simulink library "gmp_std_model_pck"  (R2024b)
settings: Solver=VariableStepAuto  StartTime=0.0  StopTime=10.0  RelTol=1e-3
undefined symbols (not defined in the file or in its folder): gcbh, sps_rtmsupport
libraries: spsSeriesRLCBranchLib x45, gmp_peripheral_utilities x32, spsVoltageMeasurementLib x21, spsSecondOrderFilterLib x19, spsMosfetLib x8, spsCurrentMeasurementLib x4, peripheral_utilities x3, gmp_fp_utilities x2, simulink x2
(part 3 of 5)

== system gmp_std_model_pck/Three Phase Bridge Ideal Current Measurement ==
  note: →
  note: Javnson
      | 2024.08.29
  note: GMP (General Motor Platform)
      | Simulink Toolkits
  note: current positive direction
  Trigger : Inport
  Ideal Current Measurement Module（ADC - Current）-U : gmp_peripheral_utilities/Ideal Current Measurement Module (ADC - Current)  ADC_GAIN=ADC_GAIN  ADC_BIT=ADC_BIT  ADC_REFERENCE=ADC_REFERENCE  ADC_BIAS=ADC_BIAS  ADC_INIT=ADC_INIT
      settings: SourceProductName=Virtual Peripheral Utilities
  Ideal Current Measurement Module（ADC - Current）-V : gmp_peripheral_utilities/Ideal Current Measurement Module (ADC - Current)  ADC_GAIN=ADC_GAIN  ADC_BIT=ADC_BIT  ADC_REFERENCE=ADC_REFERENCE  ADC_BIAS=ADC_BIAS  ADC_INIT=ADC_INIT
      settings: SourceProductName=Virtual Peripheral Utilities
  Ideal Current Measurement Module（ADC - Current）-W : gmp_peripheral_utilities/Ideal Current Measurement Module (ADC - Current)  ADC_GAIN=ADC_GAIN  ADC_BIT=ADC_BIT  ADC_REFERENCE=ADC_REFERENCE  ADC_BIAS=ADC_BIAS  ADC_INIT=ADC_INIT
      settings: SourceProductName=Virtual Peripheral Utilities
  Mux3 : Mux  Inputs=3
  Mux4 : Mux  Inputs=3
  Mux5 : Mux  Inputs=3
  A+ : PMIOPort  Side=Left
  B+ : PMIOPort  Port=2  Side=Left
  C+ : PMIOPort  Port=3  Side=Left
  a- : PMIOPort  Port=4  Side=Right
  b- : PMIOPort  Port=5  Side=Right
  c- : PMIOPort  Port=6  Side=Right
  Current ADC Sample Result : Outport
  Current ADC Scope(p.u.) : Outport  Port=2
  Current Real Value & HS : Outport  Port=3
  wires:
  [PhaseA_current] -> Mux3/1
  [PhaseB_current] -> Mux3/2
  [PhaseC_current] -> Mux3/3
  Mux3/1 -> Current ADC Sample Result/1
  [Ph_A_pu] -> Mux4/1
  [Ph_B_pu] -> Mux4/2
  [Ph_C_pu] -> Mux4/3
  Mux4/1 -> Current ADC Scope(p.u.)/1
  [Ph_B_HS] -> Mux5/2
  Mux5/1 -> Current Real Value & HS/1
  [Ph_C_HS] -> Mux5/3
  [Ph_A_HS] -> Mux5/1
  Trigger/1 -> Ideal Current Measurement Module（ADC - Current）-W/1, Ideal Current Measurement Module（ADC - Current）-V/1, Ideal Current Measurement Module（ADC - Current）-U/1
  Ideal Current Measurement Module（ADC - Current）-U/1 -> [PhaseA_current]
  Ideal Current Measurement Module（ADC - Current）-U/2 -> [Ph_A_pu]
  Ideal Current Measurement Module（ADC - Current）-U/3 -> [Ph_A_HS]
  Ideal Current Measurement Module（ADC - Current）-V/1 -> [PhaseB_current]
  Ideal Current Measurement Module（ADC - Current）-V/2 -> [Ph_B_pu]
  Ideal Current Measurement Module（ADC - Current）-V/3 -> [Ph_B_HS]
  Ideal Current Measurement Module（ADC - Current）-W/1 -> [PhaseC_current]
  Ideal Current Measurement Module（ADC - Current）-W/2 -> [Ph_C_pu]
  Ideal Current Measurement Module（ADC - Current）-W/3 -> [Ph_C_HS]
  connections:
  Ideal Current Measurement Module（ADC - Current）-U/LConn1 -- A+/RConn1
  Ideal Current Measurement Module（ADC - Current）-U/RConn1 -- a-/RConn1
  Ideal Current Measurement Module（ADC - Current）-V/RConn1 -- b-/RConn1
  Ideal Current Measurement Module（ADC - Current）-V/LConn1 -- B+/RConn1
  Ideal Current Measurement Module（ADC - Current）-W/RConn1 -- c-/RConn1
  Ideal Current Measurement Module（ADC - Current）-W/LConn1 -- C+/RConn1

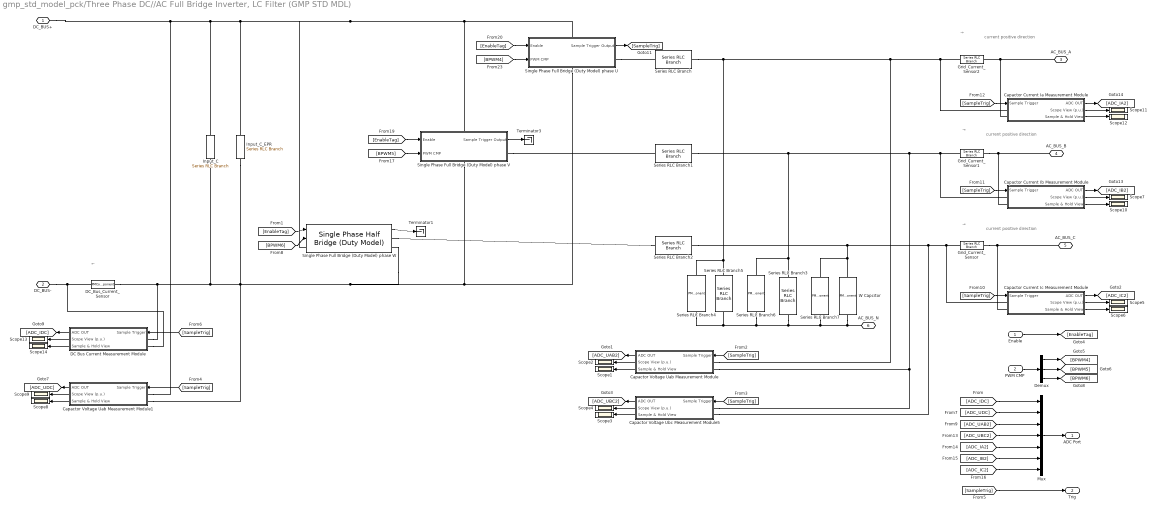
== system gmp_std_model_pck/Three Phase DC//AC Full Bridge Inverter, LC Filter (GMP STD MDL) ==
  note: current positive direction
  note: →
  note: current positive direction
  note: →
  note: current positive direction
  note: →
  note: ←
  Enable : Inport
  PWM CMP : Inport  Port=2
  Capactor Current Ia Measurement Module : Subsystem  AncestorBlock=peripheral_utilities/Ideal Voltage Measurement with filter Module(ADC - Voltage)  mask{ADC_GAIN=Grid_Current_Gain, ADC_BIT=ADC_Resolution, ADC_REFERENCE=GRID_CURRENT_ADC_REFERENCE, ADC_BIAS=GRID_CURRENT_ADC_BIAS, ADC_INIT=0, cut_frequency=GRID_CURRENT_ADC_CUT_FREQ}
      mask DialogControl DescGroupVar Prompt: Voltage Sample ADC Model
      mask DialogControl DescTextVar Prompt: This is a ideal Voltage Measurement Module.
      mask DialogControl Control2 Prompt: ADC(p.u.) = (real_voltage * ADC_GAIN + ADC_BIAS)/ADC_REFERENCE
      mask DialogControl Control11 Prompt: GMP CTL Simulink Utilities: virtual peripherals
      mask DialogControl ParameterGroupVar Prompt: Parameters:
      mask DialogControl Control4 Prompt: ADC Voltage Gain (Scale Factor):
      mask DialogControl Control5 Prompt: ADC resolution:
      mask DialogControl Control6 Prompt: ADC reference Voltage(V)
      mask DialogControl Control8 Prompt: ADC Bias Voltage(V)
      mask DialogControl Control7 Prompt: ADC Initial Voltage Output (V):
      mask DialogControl Control9 Prompt: Voltage Filter cut frequency (Hz):
      mask DialogControl Control10 Prompt: Generally, this value less than switch frequency / 10, greater than motor normal frequency * 3
  Capactor Current Ib Measurement Module : Subsystem  AncestorBlock=peripheral_utilities/Ideal Voltage Measurement with filter Module(ADC - Voltage)  mask{ADC_GAIN=Grid_Current_Gain, ADC_BIT=ADC_Resolution, ADC_REFERENCE=GRID_CURRENT_ADC_REFERENCE, ADC_BIAS=GRID_CURRENT_ADC_BIAS, ADC_INIT=0, cut_frequency=GRID_CURRENT_ADC_CUT_FREQ}
      mask DialogControl DescGroupVar Prompt: Voltage Sample ADC Model
      mask DialogControl DescTextVar Prompt: This is a ideal Voltage Measurement Module.
      mask DialogControl Control2 Prompt: ADC(p.u.) = (real_voltage * ADC_GAIN + ADC_BIAS)/ADC_REFERENCE
      mask DialogControl Control11 Prompt: GMP CTL Simulink Utilities: virtual peripherals
      mask DialogControl ParameterGroupVar Prompt: Parameters:
      mask DialogControl Control4 Prompt: ADC Voltage Gain (Scale Factor):
      mask DialogControl Control5 Prompt: ADC resolution:
      mask DialogControl Control6 Prompt: ADC reference Voltage(V)
      mask DialogControl Control8 Prompt: ADC Bias Voltage(V)
      mask DialogControl Control7 Prompt: ADC Initial Voltage Output (V):
      mask DialogControl Control9 Prompt: Voltage Filter cut frequency (Hz):
      mask DialogControl Control10 Prompt: Generally, this value less than switch frequency / 10, greater than motor normal frequency * 3
  Capactor Current Ic Measurement Module : Subsystem  AncestorBlock=peripheral_utilities/Ideal Voltage Measurement with filter Module(ADC - Voltage)  mask{ADC_GAIN=Grid_Current_Gain, ADC_BIT=ADC_Resolution, ADC_REFERENCE=GRID_CURRENT_ADC_REFERENCE, ADC_BIAS=GRID_CURRENT_ADC_BIAS, ADC_INIT=0, cut_frequency=GRID_CURRENT_ADC_CUT_FREQ}
      mask DialogControl DescGroupVar Prompt: Voltage Sample ADC Model
      mask DialogControl DescTextVar Prompt: This is a ideal Voltage Measurement Module.
      mask DialogControl Control2 Prompt: ADC(p.u.) = (real_voltage * ADC_GAIN + ADC_BIAS)/ADC_REFERENCE
      mask DialogControl Control11 Prompt: GMP CTL Simulink Utilities: virtual peripherals
      mask DialogControl ParameterGroupVar Prompt: Parameters:
      mask DialogControl Control4 Prompt: ADC Voltage Gain (Scale Factor):
      mask DialogControl Control5 Prompt: ADC resolution:
      mask DialogControl Control6 Prompt: ADC reference Voltage(V)
      mask DialogControl Control8 Prompt: ADC Bias Voltage(V)
      mask DialogControl Control7 Prompt: ADC Initial Voltage Output (V):
      mask DialogControl Control9 Prompt: Voltage Filter cut frequency (Hz):
      mask DialogControl Control10 Prompt: Generally, this value less than switch frequency / 10, greater than motor normal frequency * 3
  Capactor Voltage Uab Measurement Module : Subsystem  AncestorBlock=peripheral_utilities/Ideal Voltage Measurement with filter Module(ADC - Voltage)  mask{ADC_GAIN=AC_Voltage_Gain, ADC_BIT=ADC_Resolution, ADC_REFERENCE=AC_VOLTAGE_ADC_REFERENCE, ADC_BIAS=AC_VOLTAGE_ADC_BIAS, ADC_INIT=0, cut_frequency=AC_VOLTAGE_ADC_CUT_FREQ}
      mask DialogControl DescGroupVar Prompt: Voltage Sample ADC Model
      mask DialogControl DescTextVar Prompt: This is a ideal Voltage Measurement Module.
      mask DialogControl Control2 Prompt: ADC(p.u.) = (real_voltage * ADC_GAIN + ADC_BIAS)/ADC_REFERENCE
      mask DialogControl Control11 Prompt: GMP CTL Simulink Utilities: virtual peripherals
      mask DialogControl ParameterGroupVar Prompt: Parameters:
      mask DialogControl Control4 Prompt: ADC Voltage Gain (Scale Factor):
      mask DialogControl Control5 Prompt: ADC resolution:
      mask DialogControl Control6 Prompt: ADC reference Voltage(V)
      mask DialogControl Control8 Prompt: ADC Bias Voltage(V)
      mask DialogControl Control7 Prompt: ADC Initial Voltage Output (V):
      mask DialogControl Control9 Prompt: Voltage Filter cut frequency (Hz):
      mask DialogControl Control10 Prompt: Generally, this value less than switch frequency / 10, greater than motor normal frequency * 3
  Capactor Voltage Uab Measurement Module1 : Subsystem  mask{ADC_GAIN=DC_Voltage_Gain, ADC_BIT=ADC_Resolution, ADC_REFERENCE=DC_VOLTAGE_ADC_REFERENCE, ADC_BIAS=DC_VOLTAGE_ADC_BIAS, ADC_INIT=0, cut_frequency=DC_VOLTAGE_ADC_CUT_FREQ}
      mask DialogControl DescGroupVar Prompt: Voltage Sample ADC Model
      mask DialogControl DescTextVar Prompt: This is a ideal Voltage Measurement Module.
      mask DialogControl Control2 Prompt: ADC(p.u.) = (real_voltage * ADC_GAIN + ADC_BIAS)/ADC_REFERENCE
      mask DialogControl Control11 Prompt: GMP CTL Simulink Utilities: virtual peripherals
      mask DialogControl ParameterGroupVar Prompt: Parameters:
      mask DialogControl Control4 Prompt: ADC Voltage Gain (Scale Factor):
      mask DialogControl Control5 Prompt: ADC resolution:
      mask DialogControl Control6 Prompt: ADC reference Voltage(V)
      mask DialogControl Control8 Prompt: ADC Bias Voltage(V)
      mask DialogControl Control7 Prompt: ADC Initial Voltage Output (V):
      mask DialogControl Control9 Prompt: Voltage Filter cut frequency (Hz):
      mask DialogControl Control10 Prompt: Generally, this value less than switch frequency / 10, greater than motor normal frequency * 3
  Capactor Voltage Ubc Measurement Module5 : Subsystem  AncestorBlock=peripheral_utilities/Ideal Voltage Measurement with filter Module(ADC - Voltage)  mask{ADC_GAIN=AC_Voltage_Gain, ADC_BIT=ADC_Resolution, ADC_REFERENCE=AC_VOLTAGE_ADC_REFERENCE, ADC_BIAS=AC_VOLTAGE_ADC_BIAS, ADC_INIT=0, cut_frequency=AC_VOLTAGE_ADC_CUT_FREQ}
      mask DialogControl DescGroupVar Prompt: Voltage Sample ADC Model
      mask DialogControl DescTextVar Prompt: This is a ideal Voltage Measurement Module.
      mask DialogControl Control2 Prompt: ADC(p.u.) = (real_voltage * ADC_GAIN + ADC_BIAS)/ADC_REFERENCE
      mask DialogControl Control11 Prompt: GMP CTL Simulink Utilities: virtual peripherals
      mask DialogControl ParameterGroupVar Prompt: Parameters:
      mask DialogControl Control4 Prompt: ADC Voltage Gain (Scale Factor):
      mask DialogControl Control5 Prompt: ADC resolution:
      mask DialogControl Control6 Prompt: ADC reference Voltage(V)
      mask DialogControl Control8 Prompt: ADC Bias Voltage(V)
      mask DialogControl Control7 Prompt: ADC Initial Voltage Output (V):
      mask DialogControl Control9 Prompt: Voltage Filter cut frequency (Hz):
      mask DialogControl Control10 Prompt: Generally, this value less than switch frequency / 10, greater than motor normal frequency * 3
  DC Bus Current Measurement Module : Subsystem  mask{ADC_GAIN=DC_Current_Gain, ADC_BIT=ADC_Resolution, ADC_REFERENCE=DC_CURRENT_ADC_REFERENCE, ADC_BIAS=DC_CURRENT_ADC_BIAS, ADC_INIT=0, cut_frequency=DC_CURRENT_ADC_CUT_FREQ}
      mask DialogControl DescGroupVar Prompt: Voltage Sample ADC Model
      mask DialogControl DescTextVar Prompt: This is a ideal Voltage Measurement Module.
      mask DialogControl Control2 Prompt: ADC(p.u.) = (real_voltage * ADC_GAIN + ADC_BIAS)/ADC_REFERENCE
      mask DialogControl Control11 Prompt: GMP CTL Simulink Utilities: virtual peripherals
      mask DialogControl ParameterGroupVar Prompt: Parameters:
      mask DialogControl Control4 Prompt: ADC Voltage Gain (Scale Factor):
      mask DialogControl Control5 Prompt: ADC resolution:
      mask DialogControl Control6 Prompt: ADC reference Voltage(V)
      mask DialogControl Control8 Prompt: ADC Bias Voltage(V)
      mask DialogControl Control7 Prompt: ADC Initial Voltage Output (V):
      mask DialogControl Control9 Prompt: Voltage Filter cut frequency (Hz):
      mask DialogControl Control10 Prompt: Generally, this value less than switch frequency / 10, greater than motor normal frequency * 3
  DC_Bus_Current_Sensor : PMComponent  LoadFcn=sps_rtmsupport('LoadFcn',gcbh);  StartFcn=sps_rtmsupport('StartFcn',gcbh);  StopFcn=sps_rtmsupport('StopFcn',gcbh);  PhysicalDomain=powersysdomain  LeftPortType=p1  RightPortType=p1  LConnTagsString=__new0  RConnTagsString=__new0  mask(Series RLC Branch){BranchType=R, Resistance=DC_BUS_CURRENT_SENSOR_R, Inductance=1e-3, SetiL0=off, InitialCurrent=0, Capacitance=1e-6, Setx0=off, InitialVoltage=0, Measurements=None}
      mask prompts: BranchType "Branch type:"; Resistance "Resistance (Ohms):"; Inductance "Inductance (H):"; SetiL0 "Set the initial inductor current"; InitialCurrent "Inductor initial current (A):"; Capacitance "Capacitance (F):"; Setx0 "Set the initial capacitor voltage"; InitialVoltage "Capacitor initial voltage (V):"
      mask help:
      | Implements a series branch of RLC elements.
      | Use the 'Branch type' parameter to add or remove elements from the branch.
      mask init:
      | [s1,s2,s3,s4,r1,r2,l1,l2,c1,c2,c3,c4] = powericon('Series RLC Branch',Resistance,Inductance,Capacitance,BranchType);
      | powericon('RLCCback',gcb)
      | power_initmask();
      settings: CopyFcn=sps_rtmsupport('CopyFcn',gcbh);  DeleteFcn=sps_rtmsupport('DeleteFcn',gcbh);  UndoDeleteFcn=sps_rtmsupport('UndoDeleteFcn',gcbh);  ModelCloseFcn=sps_rtmsupport('ModelCloseFcn',gcbh);  PreSaveFcn=sps_rtmsupport('PreSaveFcn',gcbh);  PostSaveFcn=sps_rtmsupport('PostSaveFcn',gcbh);  NameChangeFcn=sps_rtmsupport('NameChangeFcn',gcbh);  PreCopyFcn=sps_rtmsupport('PreCopyFcn',gcbh);  OpenFcn=sps_rtmsupport('OpenFcn',gcbh, [1 4 7 9]);  CloseFcn=sps_rtmsupport('CloseFcn',gcbh);  PreDeleteFcn=sps_rtmsupport('PreDeleteFcn',gcbh);
      mask Help: helpview(psbhelp);
      mask TypeOptions BranchType: RLC | R | L | C | RL | RC | LC | Open circuit
      mask Callback BranchType: powericon('RLCCback',gcb)
      mask Callback Resistance: powericon('RLCCback',gcb)
      mask Callback Inductance: powericon('RLCCback',gcb)
      mask Callback SetiL0: powericon('RLCCback',gcb)
      mask Callback Capacitance: powericon('RLCCback',gcb)
      mask Callback Setx0: powericon('RLCCback',gcb)
      mask TypeOptions Measurements: None | Branch voltage | Branch current | Branch voltage and current
      mask Display:
      | plot(s1,s2,s3,s4,r1,r2*1.5,l1,l2*1.5,c1,c2*1.5,c3,c4*1.5)
      | color('red')
      | port_label('LConn',1,'+')
  Demux : Demux  Outputs=3
  Grid_Current_Sensor : spsSeriesRLCBranchLib/Series RLC Branch  LConnTagsString=__new0  RConnTagsString=__new0  BranchType=R  Resistance=GRID_CURRENT_SENSOR_R  Inductance=1e-3  SetiL0=off  InitialCurrent=0  Capacitance=1e-6  Setx0=off  InitialVoltage=0  Measurements=None
  Grid_Current_Sensor1 : spsSeriesRLCBranchLib/Series RLC Branch  LConnTagsString=__new0  RConnTagsString=__new0  BranchType=R  Resistance=GRID_CURRENT_SENSOR_R  Inductance=1e-3  SetiL0=off  InitialCurrent=0  Capacitance=1e-6  Setx0=off  InitialVoltage=0  Measurements=None
  Grid_Current_Sensor2 : spsSeriesRLCBranchLib/Series RLC Branch  LConnTagsString=__new0  RConnTagsString=__new0  BranchType=R  Resistance=GRID_CURRENT_SENSOR_R  Inductance=1e-3  SetiL0=off  InitialCurrent=0  Capacitance=1e-6  Setx0=off  InitialVoltage=0  Measurements=None
  Input_C : spsSeriesRLCBranchLib/Series RLC Branch  LConnTagsString=__new0  RConnTagsString=__new0  BranchType=RC  Resistance=DC_CAP_ESR  Inductance=1e-3  SetiL0=off  InitialCurrent=0  Capacitance=DC_CAP  Setx0=off  InitialVoltage=0  Measurements=None
  Input_C_EPR : spsSeriesRLCBranchLib/Series RLC Branch  LConnTagsString=__new0  RConnTagsString=__new0  BranchType=R  Resistance=DC_CAP_EPR  Inductance=1e-3  SetiL0=off  InitialCurrent=0  Capacitance=1e-6  Setx0=off  InitialVoltage=0  Measurements=None
  Mux : Mux  Inputs=7
  Scope{1..14} (14 alike) : Scope
  Series RLC Branch : spsSeriesRLCBranchLib/Series RLC Branch  LConnTagsString=__new0  RConnTagsString=__new0  BranchType=RL  Resistance=ACF_L_ESR  Inductance=ACF_L  SetiL0=off  InitialCurrent=0  Capacitance=1e-6  Setx0=off  InitialVoltage=0  Measurements=None
  Series RLC Branch1 : spsSeriesRLCBranchLib/Series RLC Branch  LConnTagsString=__new0  RConnTagsString=__new0  BranchType=RL  Resistance=ACF_L_ESR  Inductance=ACF_L  SetiL0=off  InitialCurrent=0  Capacitance=1e-6  Setx0=off  InitialVoltage=0  Measurements=None
  Series RLC Branch2 : spsSeriesRLCBranchLib/Series RLC Branch  LConnTagsString=__new0  RConnTagsString=__new0  BranchType=RL  Resistance=ACF_L_ESR  Inductance=ACF_L  SetiL0=off  InitialCurrent=0  Capacitance=1e-6  Setx0=off  InitialVoltage=0  Measurements=None
  Series RLC Branch3 : spsSeriesRLCBranchLib/Series RLC Branch  LConnTagsString=__new0  RConnTagsString=__new0  BranchType=RC  Resistance=ACF_C_ESR  Inductance=695e-6  SetiL0=off  InitialCurrent=0  Capacitance=ACF_C  Setx0=off  InitialVoltage=0  Measurements=None
  Series RLC Branch4 : PMComponent  LoadFcn=sps_rtmsupport('LoadFcn',gcbh);  StartFcn=sps_rtmsupport('StartFcn',gcbh);  StopFcn=sps_rtmsupport('StopFcn',gcbh);  PhysicalDomain=powersysdomain  LeftPortType=p1  RightPortType=p1  LConnTagsString=__new0  RConnTagsString=__new0  mask(Series RLC Branch){BranchType=R, Resistance=DC_CAP_EPR, Inductance=695e-6, SetiL0=off, InitialCurrent=0, Capacitance=ACF_C, Setx0=off, InitialVoltage=0, Measurements=None}
      mask prompts: BranchType "Branch type:"; Resistance "Resistance (Ohms):"; Inductance "Inductance (H):"; SetiL0 "Set the initial inductor current"; InitialCurrent "Inductor initial current (A):"; Capacitance "Capacitance (F):"; Setx0 "Set the initial capacitor voltage"; InitialVoltage "Capacitor initial voltage (V):"
      mask help:
      | Implements a series branch of RLC elements.
      | Use the 'Branch type' parameter to add or remove elements from the branch.
      mask init:
      | [s1,s2,s3,s4,r1,r2,l1,l2,c1,c2,c3,c4] = powericon('Series RLC Branch',Resistance,Inductance,Capacitance,BranchType);
      | powericon('RLCCback',gcb)
      | power_initmask();
      settings: CopyFcn=sps_rtmsupport('CopyFcn',gcbh);  DeleteFcn=sps_rtmsupport('DeleteFcn',gcbh);  UndoDeleteFcn=sps_rtmsupport('UndoDeleteFcn',gcbh);  ModelCloseFcn=sps_rtmsupport('ModelCloseFcn',gcbh);  PreSaveFcn=sps_rtmsupport('PreSaveFcn',gcbh);  PostSaveFcn=sps_rtmsupport('PostSaveFcn',gcbh);  NameChangeFcn=sps_rtmsupport('NameChangeFcn',gcbh);  PreCopyFcn=sps_rtmsupport('PreCopyFcn',gcbh);  OpenFcn=sps_rtmsupport('OpenFcn',gcbh, [1 4 7 9]);  CloseFcn=sps_rtmsupport('CloseFcn',gcbh);  PreDeleteFcn=sps_rtmsupport('PreDeleteFcn',gcbh);
      mask Help: helpview(psbhelp);
      mask TypeOptions BranchType: RLC | R | L | C | RL | RC | LC | Open circuit
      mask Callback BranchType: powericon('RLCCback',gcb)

☆ ☆ ☆ ☆

* **TASK TO CARRY OUT**: Among the lines above, find those holding "StopFcn" and copy each one.

* **RESULT**:
  DC_Bus_Current_Sensor : PMComponent  LoadFcn=sps_rtmsupport('LoadFcn',gcbh);  StartFcn=sps_rtmsupport('StartFcn',gcbh);  StopFcn=sps_rtmsupport('StopFcn',gcbh);  PhysicalDomain=powersysdomain  LeftPortType=p1  RightPortType=p1  LConnTagsString=__new0  RConnTagsString=__new0  mask(Series RLC Branch){BranchType=R, Resistance=DC_BUS_CURRENT_SENSOR_R, Inductance=1e-3, SetiL0=off, InitialCurrent=0, Capacitance=1e-6, Setx0=off, InitialVoltage=0, Measurements=None}
  Series RLC Branch4 : PMComponent  LoadFcn=sps_rtmsupport('LoadFcn',gcbh);  StartFcn=sps_rtmsupport('StartFcn',gcbh);  StopFcn=sps_rtmsupport('StopFcn',gcbh);  PhysicalDomain=powersysdomain  LeftPortType=p1  RightPortType=p1  LConnTagsString=__new0  RConnTagsString=__new0  mask(Series RLC Branch){BranchType=R, Resistance=DC_CAP_EPR, Inductance=695e-6, SetiL0=off, InitialCurrent=0, Capacitance=ACF_C, Setx0=off, InitialVoltage=0, Measurements=None}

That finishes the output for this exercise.